Blastomycosis is an endemic mycosis in Southeastern, South central, and Midwestern states and is particularly prevalent in areas adjacent to the Mississippi and Ohio Rivers and the Great Lakes region. A recent Illinois Public Health Department epidemiological study of 500 cases of blastomycosis in Illinois reported no cases of blastomycosis in pregnant women over a ten-year period [1]. Although Mississippi is designated as the area with the highest prevalence of blastomycosis in the United States, studies from this region rarely report its incidence in pregnancy [2]. The clinical manifestations of blastomycosis during pregnancy are highly variable ranging from self-limited illness without treatment in some case reports [2] to disseminated infection [4], or acute respiratory distress syndrome [5].

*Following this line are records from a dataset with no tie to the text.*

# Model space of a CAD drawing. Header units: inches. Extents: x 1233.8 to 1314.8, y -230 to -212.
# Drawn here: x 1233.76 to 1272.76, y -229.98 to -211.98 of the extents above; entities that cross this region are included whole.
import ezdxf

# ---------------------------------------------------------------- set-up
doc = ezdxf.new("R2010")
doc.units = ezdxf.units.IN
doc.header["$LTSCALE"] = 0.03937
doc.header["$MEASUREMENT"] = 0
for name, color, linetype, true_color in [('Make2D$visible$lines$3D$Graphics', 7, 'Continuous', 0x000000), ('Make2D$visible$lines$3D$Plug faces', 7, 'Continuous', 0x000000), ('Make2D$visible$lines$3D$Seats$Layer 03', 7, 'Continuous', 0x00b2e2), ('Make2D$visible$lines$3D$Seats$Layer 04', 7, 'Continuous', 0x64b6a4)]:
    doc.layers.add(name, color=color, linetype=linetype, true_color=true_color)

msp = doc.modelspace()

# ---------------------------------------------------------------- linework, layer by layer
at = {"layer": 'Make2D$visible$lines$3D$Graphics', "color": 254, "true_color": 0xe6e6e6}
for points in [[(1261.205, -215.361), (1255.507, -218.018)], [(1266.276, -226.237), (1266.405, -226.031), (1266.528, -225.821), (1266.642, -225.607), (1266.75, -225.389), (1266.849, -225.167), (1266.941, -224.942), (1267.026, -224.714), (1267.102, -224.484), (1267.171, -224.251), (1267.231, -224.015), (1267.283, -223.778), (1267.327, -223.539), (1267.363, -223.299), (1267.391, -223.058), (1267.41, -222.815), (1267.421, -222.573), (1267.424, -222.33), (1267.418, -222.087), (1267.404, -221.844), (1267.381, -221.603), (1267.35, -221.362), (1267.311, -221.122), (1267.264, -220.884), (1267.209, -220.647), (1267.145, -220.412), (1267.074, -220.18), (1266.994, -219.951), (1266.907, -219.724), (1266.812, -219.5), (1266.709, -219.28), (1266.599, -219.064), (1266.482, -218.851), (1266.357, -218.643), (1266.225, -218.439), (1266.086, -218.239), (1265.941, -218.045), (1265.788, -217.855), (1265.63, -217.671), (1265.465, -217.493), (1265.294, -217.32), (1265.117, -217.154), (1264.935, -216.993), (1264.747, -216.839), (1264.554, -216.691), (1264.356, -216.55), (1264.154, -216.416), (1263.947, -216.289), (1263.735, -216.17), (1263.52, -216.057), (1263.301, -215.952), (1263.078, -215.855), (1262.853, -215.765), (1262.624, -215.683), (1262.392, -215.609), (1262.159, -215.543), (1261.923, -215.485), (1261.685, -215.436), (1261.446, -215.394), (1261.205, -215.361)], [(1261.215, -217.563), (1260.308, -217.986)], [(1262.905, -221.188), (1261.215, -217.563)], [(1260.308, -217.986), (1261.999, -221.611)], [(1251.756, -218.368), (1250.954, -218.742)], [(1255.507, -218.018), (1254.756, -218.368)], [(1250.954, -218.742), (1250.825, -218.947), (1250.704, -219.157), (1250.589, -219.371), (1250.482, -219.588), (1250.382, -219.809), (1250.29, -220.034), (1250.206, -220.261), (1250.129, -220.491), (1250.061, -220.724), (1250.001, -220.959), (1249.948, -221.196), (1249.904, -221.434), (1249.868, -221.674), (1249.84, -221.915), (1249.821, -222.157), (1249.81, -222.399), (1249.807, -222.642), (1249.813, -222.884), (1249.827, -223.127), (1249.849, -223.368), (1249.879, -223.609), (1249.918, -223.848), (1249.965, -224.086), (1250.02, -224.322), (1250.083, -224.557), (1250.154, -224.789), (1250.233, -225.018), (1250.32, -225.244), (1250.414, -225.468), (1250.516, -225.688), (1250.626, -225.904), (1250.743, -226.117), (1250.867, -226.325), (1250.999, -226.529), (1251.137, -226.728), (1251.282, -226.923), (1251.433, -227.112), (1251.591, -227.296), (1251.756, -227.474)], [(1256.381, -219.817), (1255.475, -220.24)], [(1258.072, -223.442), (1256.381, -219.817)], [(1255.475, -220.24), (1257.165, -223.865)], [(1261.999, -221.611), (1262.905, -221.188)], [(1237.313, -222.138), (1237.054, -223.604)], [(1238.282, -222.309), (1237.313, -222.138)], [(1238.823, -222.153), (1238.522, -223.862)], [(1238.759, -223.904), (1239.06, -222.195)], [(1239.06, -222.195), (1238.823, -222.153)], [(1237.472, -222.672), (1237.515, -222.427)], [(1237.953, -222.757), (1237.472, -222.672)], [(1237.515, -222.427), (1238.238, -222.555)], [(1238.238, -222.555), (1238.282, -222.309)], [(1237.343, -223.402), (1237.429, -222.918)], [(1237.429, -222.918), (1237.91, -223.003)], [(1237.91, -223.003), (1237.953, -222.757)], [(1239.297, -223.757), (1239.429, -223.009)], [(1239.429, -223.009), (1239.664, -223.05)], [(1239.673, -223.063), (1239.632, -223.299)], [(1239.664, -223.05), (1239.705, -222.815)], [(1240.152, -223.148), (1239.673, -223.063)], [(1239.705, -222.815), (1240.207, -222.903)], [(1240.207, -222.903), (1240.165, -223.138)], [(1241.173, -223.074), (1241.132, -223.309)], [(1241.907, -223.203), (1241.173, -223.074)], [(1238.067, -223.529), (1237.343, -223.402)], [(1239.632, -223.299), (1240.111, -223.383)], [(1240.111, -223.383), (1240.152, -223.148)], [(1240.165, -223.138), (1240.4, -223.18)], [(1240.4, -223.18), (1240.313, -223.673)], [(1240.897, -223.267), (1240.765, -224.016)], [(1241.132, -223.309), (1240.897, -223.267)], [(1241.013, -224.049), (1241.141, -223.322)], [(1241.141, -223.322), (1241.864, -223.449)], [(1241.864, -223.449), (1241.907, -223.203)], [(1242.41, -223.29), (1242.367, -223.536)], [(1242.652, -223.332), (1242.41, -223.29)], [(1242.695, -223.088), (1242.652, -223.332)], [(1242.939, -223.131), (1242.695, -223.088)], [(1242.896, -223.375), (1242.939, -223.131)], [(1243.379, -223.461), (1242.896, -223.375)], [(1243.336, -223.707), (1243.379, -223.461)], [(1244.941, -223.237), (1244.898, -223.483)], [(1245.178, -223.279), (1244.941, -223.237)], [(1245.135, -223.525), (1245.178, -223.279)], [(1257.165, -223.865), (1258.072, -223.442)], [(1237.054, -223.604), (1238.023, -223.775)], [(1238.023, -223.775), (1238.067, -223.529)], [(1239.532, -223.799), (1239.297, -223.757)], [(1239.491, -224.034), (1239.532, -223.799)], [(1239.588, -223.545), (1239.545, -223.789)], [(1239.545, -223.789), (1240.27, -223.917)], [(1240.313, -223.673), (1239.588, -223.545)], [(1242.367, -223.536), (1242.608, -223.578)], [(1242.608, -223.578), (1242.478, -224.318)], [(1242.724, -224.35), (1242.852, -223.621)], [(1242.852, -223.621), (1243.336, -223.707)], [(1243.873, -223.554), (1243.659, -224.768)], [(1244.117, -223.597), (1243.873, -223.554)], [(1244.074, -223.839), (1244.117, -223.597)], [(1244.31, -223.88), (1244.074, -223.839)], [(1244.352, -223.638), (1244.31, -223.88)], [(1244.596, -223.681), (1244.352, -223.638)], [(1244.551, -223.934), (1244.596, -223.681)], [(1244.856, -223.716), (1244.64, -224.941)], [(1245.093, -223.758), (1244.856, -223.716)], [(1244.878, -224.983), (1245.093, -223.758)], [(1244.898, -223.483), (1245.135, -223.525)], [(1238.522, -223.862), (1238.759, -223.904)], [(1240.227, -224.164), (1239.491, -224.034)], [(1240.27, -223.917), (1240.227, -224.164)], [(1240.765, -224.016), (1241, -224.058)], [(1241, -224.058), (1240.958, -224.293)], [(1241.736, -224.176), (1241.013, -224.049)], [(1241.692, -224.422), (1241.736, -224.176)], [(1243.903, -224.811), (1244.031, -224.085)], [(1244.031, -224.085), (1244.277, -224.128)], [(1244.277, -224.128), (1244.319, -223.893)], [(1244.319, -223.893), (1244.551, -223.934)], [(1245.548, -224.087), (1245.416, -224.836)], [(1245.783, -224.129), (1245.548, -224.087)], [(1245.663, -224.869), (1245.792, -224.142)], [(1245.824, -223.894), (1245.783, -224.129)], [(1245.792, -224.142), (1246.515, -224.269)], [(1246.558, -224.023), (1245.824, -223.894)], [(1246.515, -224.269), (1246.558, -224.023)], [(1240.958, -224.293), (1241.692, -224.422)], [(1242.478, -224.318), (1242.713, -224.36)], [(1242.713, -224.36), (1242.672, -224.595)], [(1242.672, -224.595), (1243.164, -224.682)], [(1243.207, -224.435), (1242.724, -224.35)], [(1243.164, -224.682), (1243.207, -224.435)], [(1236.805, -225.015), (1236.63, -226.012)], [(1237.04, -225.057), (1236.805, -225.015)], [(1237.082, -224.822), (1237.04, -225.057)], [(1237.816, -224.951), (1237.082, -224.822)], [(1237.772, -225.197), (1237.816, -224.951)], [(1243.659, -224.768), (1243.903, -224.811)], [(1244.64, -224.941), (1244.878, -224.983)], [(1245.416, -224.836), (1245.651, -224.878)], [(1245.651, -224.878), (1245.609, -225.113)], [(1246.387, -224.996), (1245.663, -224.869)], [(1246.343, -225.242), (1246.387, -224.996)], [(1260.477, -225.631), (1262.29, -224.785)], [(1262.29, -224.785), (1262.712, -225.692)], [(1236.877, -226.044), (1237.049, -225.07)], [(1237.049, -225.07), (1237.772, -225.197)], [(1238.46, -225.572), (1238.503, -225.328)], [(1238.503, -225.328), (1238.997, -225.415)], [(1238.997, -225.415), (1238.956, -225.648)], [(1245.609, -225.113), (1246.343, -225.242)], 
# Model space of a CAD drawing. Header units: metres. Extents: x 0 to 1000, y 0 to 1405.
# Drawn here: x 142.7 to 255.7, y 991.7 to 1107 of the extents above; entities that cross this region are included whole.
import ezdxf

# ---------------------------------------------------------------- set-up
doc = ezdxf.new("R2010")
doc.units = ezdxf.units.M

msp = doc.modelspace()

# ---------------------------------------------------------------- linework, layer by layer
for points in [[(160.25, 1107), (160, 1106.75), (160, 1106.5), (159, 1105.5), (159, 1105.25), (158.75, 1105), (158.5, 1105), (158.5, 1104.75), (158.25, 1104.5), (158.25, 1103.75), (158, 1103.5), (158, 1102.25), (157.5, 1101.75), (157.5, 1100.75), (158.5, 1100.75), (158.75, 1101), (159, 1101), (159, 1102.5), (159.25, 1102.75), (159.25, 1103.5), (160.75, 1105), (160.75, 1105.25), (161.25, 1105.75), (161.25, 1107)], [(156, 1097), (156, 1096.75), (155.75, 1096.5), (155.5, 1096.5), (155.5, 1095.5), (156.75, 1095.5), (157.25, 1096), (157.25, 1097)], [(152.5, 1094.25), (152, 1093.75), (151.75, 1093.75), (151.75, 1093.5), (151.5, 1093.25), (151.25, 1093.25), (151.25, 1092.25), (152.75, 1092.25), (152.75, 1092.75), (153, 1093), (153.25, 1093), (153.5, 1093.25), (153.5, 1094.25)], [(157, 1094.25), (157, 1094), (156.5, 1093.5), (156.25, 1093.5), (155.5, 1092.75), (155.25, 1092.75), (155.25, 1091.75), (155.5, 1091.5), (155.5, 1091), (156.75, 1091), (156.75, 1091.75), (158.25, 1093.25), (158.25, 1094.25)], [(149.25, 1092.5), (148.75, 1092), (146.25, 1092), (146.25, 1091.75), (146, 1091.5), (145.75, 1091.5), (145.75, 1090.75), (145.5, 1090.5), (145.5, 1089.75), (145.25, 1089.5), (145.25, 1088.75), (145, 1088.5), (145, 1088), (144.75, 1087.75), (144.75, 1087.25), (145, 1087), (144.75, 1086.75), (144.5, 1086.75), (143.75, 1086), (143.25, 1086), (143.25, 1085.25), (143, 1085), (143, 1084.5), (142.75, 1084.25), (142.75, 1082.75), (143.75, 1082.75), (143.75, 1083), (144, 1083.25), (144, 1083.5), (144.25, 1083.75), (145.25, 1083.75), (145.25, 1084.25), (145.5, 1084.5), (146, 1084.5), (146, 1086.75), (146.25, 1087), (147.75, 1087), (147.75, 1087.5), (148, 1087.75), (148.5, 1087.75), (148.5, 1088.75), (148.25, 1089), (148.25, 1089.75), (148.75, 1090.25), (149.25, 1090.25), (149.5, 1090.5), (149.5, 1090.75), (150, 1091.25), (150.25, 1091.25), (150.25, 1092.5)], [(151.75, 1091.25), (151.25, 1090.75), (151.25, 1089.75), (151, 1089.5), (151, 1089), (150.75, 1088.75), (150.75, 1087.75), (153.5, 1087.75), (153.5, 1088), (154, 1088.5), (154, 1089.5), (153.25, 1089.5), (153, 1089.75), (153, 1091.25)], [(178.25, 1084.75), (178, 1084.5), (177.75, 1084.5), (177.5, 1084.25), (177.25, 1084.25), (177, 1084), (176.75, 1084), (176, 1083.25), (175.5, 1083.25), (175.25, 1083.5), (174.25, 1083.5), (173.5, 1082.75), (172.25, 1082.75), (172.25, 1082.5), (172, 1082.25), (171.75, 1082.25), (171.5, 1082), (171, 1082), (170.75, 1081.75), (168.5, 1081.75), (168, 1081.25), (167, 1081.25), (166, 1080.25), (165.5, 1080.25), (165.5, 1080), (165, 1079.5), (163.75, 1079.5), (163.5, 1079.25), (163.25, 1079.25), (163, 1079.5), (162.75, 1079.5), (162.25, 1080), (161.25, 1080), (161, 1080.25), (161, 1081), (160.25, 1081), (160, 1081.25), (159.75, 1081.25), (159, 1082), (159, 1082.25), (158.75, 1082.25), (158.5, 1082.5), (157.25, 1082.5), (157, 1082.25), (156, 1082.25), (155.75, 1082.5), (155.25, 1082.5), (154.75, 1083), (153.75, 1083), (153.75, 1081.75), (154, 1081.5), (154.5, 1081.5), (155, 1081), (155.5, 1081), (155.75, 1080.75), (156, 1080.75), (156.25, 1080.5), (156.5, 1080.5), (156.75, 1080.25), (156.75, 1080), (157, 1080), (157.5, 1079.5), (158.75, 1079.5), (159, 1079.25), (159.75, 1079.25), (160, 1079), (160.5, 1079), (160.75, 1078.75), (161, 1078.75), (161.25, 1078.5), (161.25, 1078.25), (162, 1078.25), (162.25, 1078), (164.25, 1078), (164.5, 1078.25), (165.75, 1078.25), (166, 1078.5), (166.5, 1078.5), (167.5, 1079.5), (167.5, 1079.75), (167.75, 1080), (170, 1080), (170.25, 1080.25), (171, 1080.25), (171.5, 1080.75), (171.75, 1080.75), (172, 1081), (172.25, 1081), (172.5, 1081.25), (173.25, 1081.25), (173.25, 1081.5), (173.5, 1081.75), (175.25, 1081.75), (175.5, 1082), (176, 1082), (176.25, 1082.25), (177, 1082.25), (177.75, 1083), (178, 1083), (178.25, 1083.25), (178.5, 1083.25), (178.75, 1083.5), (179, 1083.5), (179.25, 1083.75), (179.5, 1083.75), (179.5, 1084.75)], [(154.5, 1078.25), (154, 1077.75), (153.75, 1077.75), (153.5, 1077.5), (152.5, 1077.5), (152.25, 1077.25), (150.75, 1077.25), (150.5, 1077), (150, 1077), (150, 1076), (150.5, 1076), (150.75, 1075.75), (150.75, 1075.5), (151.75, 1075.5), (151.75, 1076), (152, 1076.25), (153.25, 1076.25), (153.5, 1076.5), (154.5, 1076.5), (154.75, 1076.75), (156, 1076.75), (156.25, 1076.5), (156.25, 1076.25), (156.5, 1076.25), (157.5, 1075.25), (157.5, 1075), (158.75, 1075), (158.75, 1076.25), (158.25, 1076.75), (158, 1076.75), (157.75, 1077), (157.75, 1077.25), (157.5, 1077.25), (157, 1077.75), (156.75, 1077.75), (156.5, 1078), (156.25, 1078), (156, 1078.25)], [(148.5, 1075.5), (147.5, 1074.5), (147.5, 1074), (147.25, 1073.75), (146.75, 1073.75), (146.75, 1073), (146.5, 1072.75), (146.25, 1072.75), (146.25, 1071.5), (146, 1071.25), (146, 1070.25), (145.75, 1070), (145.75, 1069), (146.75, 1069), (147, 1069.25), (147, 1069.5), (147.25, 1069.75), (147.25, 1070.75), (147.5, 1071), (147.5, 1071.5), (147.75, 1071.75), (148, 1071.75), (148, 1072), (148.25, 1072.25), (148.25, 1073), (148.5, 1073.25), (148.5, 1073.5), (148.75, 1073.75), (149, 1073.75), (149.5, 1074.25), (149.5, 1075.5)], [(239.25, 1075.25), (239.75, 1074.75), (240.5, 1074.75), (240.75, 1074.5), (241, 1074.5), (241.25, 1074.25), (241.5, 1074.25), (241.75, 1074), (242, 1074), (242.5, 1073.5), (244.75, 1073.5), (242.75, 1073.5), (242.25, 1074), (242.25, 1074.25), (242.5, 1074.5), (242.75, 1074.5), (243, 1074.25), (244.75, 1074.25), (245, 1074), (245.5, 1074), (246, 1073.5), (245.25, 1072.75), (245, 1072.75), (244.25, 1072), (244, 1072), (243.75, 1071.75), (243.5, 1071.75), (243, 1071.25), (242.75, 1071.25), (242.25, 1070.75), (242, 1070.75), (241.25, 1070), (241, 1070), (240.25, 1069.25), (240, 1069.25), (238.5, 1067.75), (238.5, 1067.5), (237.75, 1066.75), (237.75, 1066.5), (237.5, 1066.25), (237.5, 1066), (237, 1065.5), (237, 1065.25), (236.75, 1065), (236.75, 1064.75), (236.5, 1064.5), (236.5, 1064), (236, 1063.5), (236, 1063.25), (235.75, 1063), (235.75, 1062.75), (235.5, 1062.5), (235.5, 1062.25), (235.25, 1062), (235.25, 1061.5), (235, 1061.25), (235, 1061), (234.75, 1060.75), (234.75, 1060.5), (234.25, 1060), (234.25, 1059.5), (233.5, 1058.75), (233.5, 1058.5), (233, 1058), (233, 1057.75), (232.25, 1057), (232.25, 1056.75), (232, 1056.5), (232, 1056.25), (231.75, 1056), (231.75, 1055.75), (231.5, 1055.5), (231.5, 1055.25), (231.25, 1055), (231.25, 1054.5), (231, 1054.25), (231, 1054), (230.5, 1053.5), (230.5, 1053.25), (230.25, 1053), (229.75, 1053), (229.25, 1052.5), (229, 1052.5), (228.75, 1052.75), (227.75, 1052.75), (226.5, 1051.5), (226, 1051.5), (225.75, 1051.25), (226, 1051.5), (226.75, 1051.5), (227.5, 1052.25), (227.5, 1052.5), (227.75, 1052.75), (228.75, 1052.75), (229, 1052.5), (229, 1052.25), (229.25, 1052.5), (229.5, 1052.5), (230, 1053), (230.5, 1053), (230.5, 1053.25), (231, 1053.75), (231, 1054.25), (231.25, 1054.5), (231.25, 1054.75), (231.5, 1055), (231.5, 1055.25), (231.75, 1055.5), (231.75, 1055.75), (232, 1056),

Although fungal culture still remains the definitive diagnostic test, growth may be slow, which limits its value for early diagnosis. In contrast, antigen testing has the potential for rapid diagnosis of blastomycosis. The urine antigen test for blastomycosis has high sensitivity (92%) for the detection of the blastomycosis and excellent specificity (>98%) in patients without fungal infections, but is highly cross-reactive in those with histoplasmosis, paracoccidioidomycosis, and Penicilliosis marneffei [6]. Urine antigen detection of blastomycosis has recently been shown to be useful for followup during therapy of blastomycosis in pediatric patients, including the present adolescent patient prior to the pregnancy [7]. The effect of pregnancy on urine antigen for diagnosis of blastomycosis is not known, but our case illustrates that levels of antigen in the urine will persist if antifungal therapy is stopped or not taken consistently. Based on the experience with the urine antigen test for histoplasmosis [8], the urine antigen levels found in our adolescent are consistent with presumptive evidence of continued infection with blastomycosis.

It is of interest that our patient's level of urine Blastomyces antigen remained elevated in the 16–26 EIA unit range both during cessation of treatment during pregnancy and after reinitiation of treatment after delivery. The initial decrease in Blastomyces urine antigen levels occurred in the weeks following the short course of intravenous amphotericin B given during labor and while itraconazole was administered in the postpartum period. The decrease in urine antigen levels occurring a year after delivery indicates a successful response to antifungal therapy. The final outcome, however, remains to be determined. Our patient continues to receive antifungal therapy, and low-level antigenuria persists.

Blastomycosis can be transmitted from an infected pregnant woman to the newborn infant. The route of acquisition is not well established, and there are few reported cases. In a review of perinatal blastomycosis, transmission to the newborn infant was proposed to be through aspiration of colonized vaginal secretions as suggested by primarily pulmonary involvement in affected newborns and through hematogenous spread as evidenced by placental involvement [2, 9, 10]. There are no previous reports examining the use of Blastomyces urine antigen for diagnosis of newborn infants born to mothers with blastomycosis during pregnancy. In the past, diagnosis in the newborn has been through fungal culture, pulmonary cytology, or wet prep [2]. In our case, the infant did not develop any clinical manifestations of disease. This correlated with the transient, low Blastomyces urine antigen levels in the neonatal period that cleared with additional followup. Our case also illustrates that urine antigen detection for blastomycosis can be useful for following progression of disease in patient with disseminated blastomycosis in both the intrapartum and postpartum periods. Additional research is needed to determine the utility of the Blastomyces urine antigen test for diagnosis and monitoring disseminated blastomycosis.